━━ Data ━━

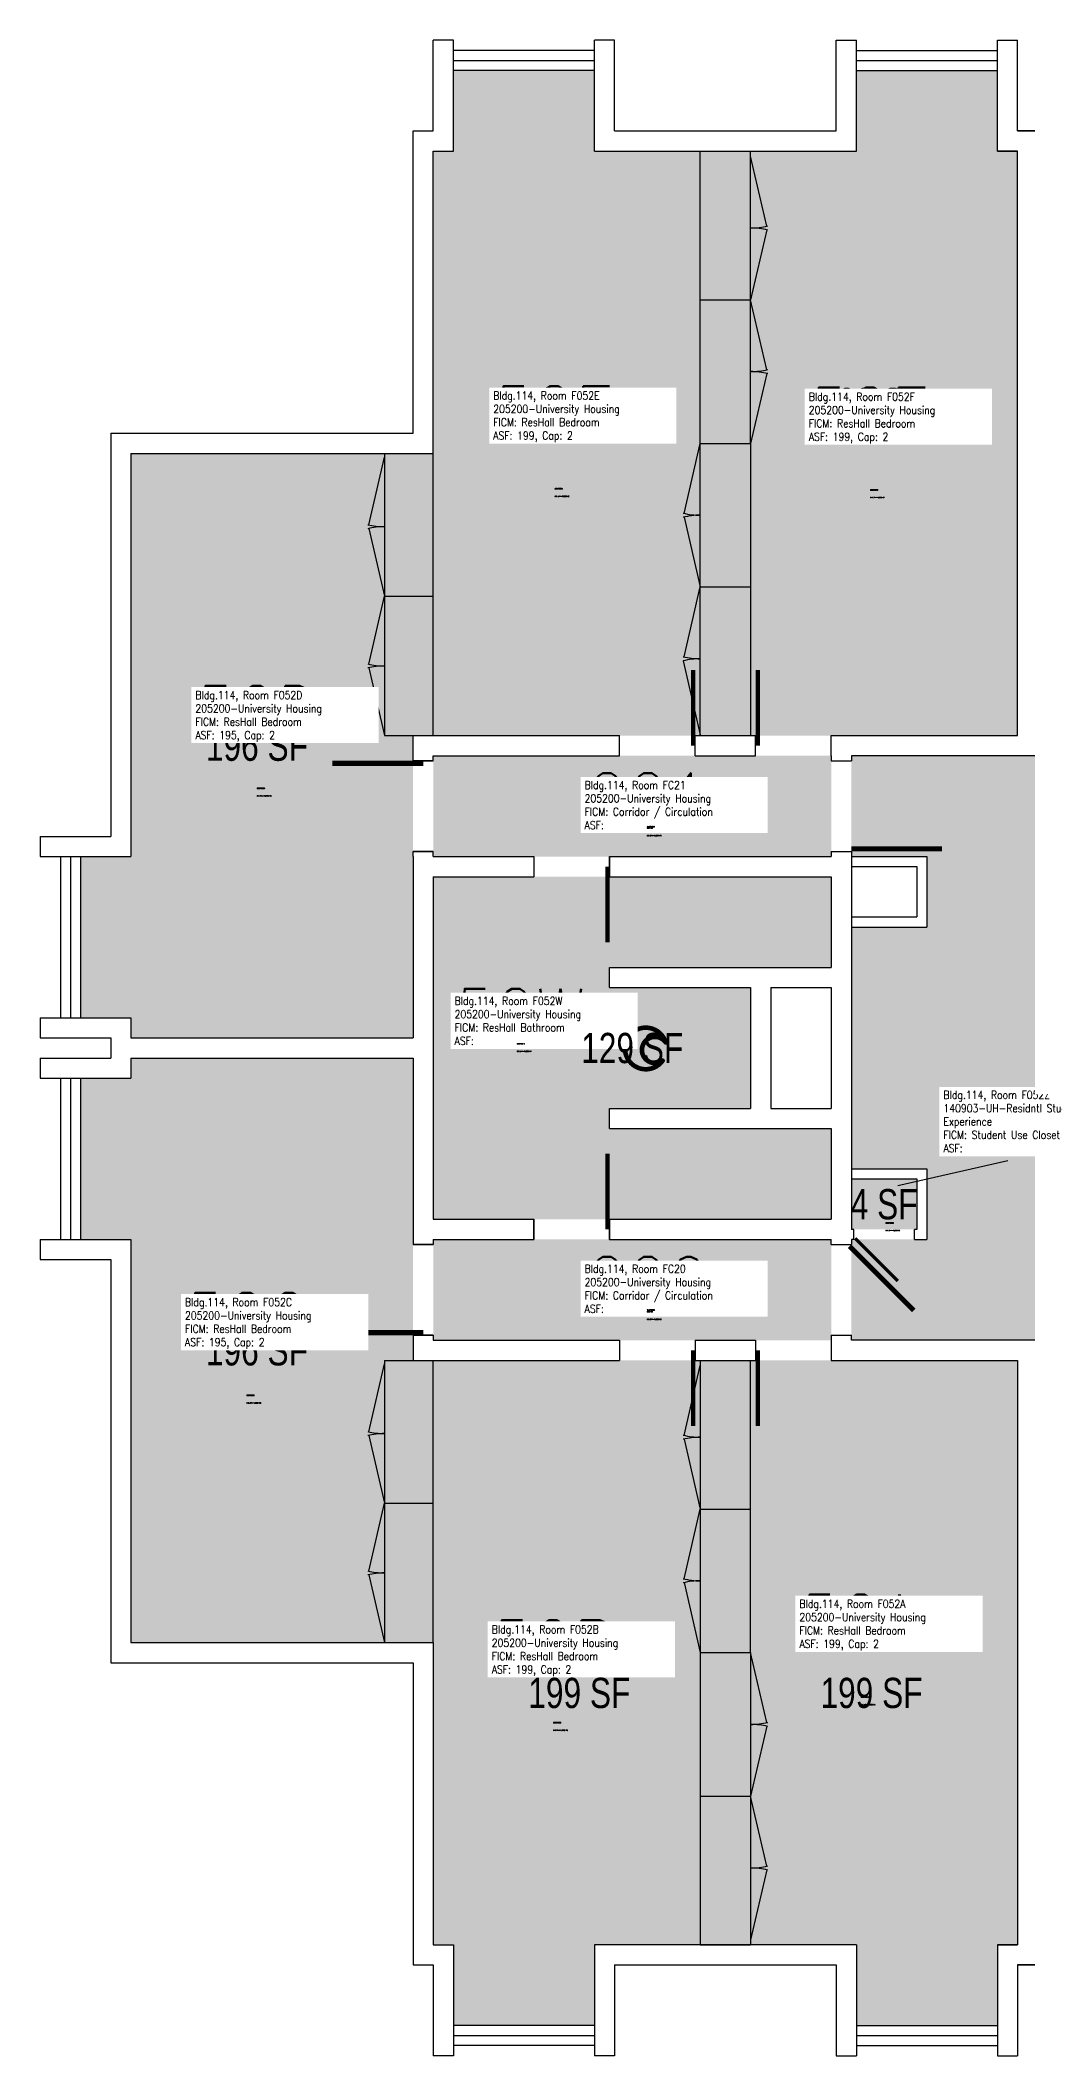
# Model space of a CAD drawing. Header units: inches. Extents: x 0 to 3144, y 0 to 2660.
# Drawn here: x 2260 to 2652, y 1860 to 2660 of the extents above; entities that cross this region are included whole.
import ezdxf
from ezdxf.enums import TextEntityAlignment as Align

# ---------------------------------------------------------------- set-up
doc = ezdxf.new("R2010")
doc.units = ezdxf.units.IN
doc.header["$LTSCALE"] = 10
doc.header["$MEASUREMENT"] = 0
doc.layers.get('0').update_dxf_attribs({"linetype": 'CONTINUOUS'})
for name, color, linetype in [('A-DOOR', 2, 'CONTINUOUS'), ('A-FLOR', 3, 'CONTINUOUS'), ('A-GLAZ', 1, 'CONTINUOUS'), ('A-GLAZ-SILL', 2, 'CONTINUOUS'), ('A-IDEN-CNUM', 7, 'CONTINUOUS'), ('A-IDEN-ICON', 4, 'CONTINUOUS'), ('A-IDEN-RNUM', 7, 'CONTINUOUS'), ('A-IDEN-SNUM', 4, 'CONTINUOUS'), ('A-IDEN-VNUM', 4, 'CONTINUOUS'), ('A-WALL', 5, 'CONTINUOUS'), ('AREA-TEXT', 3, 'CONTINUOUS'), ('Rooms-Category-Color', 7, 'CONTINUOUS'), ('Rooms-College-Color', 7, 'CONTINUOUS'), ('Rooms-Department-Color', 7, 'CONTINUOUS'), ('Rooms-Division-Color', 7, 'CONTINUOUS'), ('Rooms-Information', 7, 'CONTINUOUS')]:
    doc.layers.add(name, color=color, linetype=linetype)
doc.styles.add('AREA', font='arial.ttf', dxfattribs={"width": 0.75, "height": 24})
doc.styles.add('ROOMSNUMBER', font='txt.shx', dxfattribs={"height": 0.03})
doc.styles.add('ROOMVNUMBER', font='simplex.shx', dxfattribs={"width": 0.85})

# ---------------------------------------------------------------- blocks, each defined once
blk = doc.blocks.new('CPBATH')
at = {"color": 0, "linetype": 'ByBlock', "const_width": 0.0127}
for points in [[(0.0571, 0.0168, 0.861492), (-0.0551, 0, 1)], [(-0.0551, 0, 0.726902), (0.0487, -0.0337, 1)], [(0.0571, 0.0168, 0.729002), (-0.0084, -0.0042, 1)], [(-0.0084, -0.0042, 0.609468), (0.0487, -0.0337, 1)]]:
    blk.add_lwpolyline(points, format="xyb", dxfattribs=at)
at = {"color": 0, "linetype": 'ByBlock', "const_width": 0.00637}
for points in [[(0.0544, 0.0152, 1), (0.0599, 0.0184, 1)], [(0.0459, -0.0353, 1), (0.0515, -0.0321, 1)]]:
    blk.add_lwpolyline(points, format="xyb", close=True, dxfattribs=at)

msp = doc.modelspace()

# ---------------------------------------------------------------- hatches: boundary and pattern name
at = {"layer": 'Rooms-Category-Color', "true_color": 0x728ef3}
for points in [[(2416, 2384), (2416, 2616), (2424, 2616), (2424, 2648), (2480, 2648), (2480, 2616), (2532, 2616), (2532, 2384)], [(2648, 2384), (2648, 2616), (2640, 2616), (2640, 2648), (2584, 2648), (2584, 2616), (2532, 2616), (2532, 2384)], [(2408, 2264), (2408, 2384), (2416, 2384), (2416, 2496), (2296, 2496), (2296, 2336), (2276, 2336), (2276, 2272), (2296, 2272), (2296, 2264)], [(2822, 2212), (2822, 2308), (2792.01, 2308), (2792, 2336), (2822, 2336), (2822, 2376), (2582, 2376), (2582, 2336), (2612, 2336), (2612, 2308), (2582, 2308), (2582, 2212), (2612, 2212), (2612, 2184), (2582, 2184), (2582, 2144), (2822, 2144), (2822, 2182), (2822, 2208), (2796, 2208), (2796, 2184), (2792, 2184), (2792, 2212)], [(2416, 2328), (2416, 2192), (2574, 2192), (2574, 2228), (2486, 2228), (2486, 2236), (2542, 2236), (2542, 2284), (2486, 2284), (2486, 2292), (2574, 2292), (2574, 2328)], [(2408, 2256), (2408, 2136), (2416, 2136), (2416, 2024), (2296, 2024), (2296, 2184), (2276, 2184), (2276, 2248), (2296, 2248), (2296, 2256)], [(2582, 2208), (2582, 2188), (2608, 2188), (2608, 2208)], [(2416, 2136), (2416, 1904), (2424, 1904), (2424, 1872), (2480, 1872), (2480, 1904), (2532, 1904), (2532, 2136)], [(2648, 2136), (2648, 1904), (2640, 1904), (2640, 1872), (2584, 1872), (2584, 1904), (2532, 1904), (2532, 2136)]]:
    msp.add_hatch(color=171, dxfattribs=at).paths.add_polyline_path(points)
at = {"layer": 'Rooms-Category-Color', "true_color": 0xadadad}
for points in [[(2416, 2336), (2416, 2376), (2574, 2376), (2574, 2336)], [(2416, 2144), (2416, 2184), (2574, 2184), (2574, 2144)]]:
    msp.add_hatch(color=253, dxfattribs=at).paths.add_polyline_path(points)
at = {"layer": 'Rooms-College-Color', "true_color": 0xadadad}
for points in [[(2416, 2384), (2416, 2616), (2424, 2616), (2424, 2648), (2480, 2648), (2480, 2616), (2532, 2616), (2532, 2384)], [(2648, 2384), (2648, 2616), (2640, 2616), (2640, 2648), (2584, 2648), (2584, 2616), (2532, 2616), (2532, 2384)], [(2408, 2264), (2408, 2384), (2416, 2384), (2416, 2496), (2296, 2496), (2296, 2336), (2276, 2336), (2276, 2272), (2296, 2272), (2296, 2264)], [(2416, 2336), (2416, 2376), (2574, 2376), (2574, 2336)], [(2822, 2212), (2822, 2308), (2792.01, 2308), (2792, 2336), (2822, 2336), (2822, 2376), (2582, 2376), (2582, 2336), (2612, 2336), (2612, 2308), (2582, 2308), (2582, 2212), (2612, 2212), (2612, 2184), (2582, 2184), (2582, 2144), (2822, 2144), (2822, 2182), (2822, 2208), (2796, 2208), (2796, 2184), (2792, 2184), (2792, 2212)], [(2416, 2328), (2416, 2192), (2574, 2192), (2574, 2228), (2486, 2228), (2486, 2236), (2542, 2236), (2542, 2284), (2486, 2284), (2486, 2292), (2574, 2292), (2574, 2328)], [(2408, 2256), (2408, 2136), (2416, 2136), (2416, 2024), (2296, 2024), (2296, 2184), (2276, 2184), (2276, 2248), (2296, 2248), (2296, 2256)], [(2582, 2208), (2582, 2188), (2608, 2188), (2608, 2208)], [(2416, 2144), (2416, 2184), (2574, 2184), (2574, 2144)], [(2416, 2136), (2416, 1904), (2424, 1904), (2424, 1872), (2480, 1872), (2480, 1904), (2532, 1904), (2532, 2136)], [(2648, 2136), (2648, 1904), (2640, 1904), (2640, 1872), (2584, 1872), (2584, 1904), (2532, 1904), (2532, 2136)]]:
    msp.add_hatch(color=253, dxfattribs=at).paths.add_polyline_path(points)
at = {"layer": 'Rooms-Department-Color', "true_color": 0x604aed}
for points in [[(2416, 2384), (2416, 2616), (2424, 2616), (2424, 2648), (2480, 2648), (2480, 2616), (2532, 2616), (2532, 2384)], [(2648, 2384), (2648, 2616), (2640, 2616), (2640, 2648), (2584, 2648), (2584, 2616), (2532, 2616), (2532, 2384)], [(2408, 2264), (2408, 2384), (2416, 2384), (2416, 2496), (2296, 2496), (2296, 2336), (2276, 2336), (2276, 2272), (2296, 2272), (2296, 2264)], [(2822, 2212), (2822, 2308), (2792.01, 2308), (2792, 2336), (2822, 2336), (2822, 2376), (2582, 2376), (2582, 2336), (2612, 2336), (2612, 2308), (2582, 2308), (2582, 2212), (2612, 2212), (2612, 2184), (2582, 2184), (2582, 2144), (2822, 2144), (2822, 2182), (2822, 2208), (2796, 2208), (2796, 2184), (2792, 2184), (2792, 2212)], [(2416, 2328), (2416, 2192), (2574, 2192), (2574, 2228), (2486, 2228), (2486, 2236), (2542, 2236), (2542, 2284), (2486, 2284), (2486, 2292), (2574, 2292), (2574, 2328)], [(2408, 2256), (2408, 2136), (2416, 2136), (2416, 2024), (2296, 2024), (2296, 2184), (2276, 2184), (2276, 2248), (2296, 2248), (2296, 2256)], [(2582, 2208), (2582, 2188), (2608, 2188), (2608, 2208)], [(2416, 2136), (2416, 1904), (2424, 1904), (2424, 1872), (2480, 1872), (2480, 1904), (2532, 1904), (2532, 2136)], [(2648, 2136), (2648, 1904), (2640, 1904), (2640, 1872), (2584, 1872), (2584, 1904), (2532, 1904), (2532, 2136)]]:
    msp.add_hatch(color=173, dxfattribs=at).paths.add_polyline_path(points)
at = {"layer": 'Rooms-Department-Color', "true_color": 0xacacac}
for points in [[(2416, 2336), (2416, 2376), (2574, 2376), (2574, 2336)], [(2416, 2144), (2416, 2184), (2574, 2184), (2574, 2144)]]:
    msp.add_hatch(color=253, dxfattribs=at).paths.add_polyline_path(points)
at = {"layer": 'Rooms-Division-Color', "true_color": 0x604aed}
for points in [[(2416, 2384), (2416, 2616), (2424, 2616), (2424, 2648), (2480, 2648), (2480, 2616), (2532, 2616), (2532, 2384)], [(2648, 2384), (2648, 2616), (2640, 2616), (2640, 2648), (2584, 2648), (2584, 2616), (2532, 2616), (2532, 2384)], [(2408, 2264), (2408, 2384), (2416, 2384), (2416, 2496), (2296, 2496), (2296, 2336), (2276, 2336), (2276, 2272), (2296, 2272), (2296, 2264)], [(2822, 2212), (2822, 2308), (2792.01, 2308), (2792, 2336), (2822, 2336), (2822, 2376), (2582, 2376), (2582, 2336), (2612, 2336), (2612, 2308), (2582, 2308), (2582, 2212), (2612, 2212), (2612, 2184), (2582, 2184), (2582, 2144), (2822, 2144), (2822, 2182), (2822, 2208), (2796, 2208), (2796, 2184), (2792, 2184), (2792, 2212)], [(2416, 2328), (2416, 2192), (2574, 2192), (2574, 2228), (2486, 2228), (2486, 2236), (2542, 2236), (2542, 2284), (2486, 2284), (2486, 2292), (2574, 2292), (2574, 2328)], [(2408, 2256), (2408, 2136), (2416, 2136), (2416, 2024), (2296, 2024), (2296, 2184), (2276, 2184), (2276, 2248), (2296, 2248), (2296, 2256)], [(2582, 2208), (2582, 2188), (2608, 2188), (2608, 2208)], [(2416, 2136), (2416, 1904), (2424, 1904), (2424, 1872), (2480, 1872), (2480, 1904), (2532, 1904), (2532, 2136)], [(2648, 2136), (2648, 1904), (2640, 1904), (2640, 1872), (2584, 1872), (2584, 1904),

━━━

## Task statement
Reproduce every line above that contains the string "ByBlock".

## Exercise solution
at = {"color": 0, "linetype": 'ByBlock', "const_width": 0.0127}
at = {"color": 0, "linetype": 'ByBlock', "const_width": 0.00637}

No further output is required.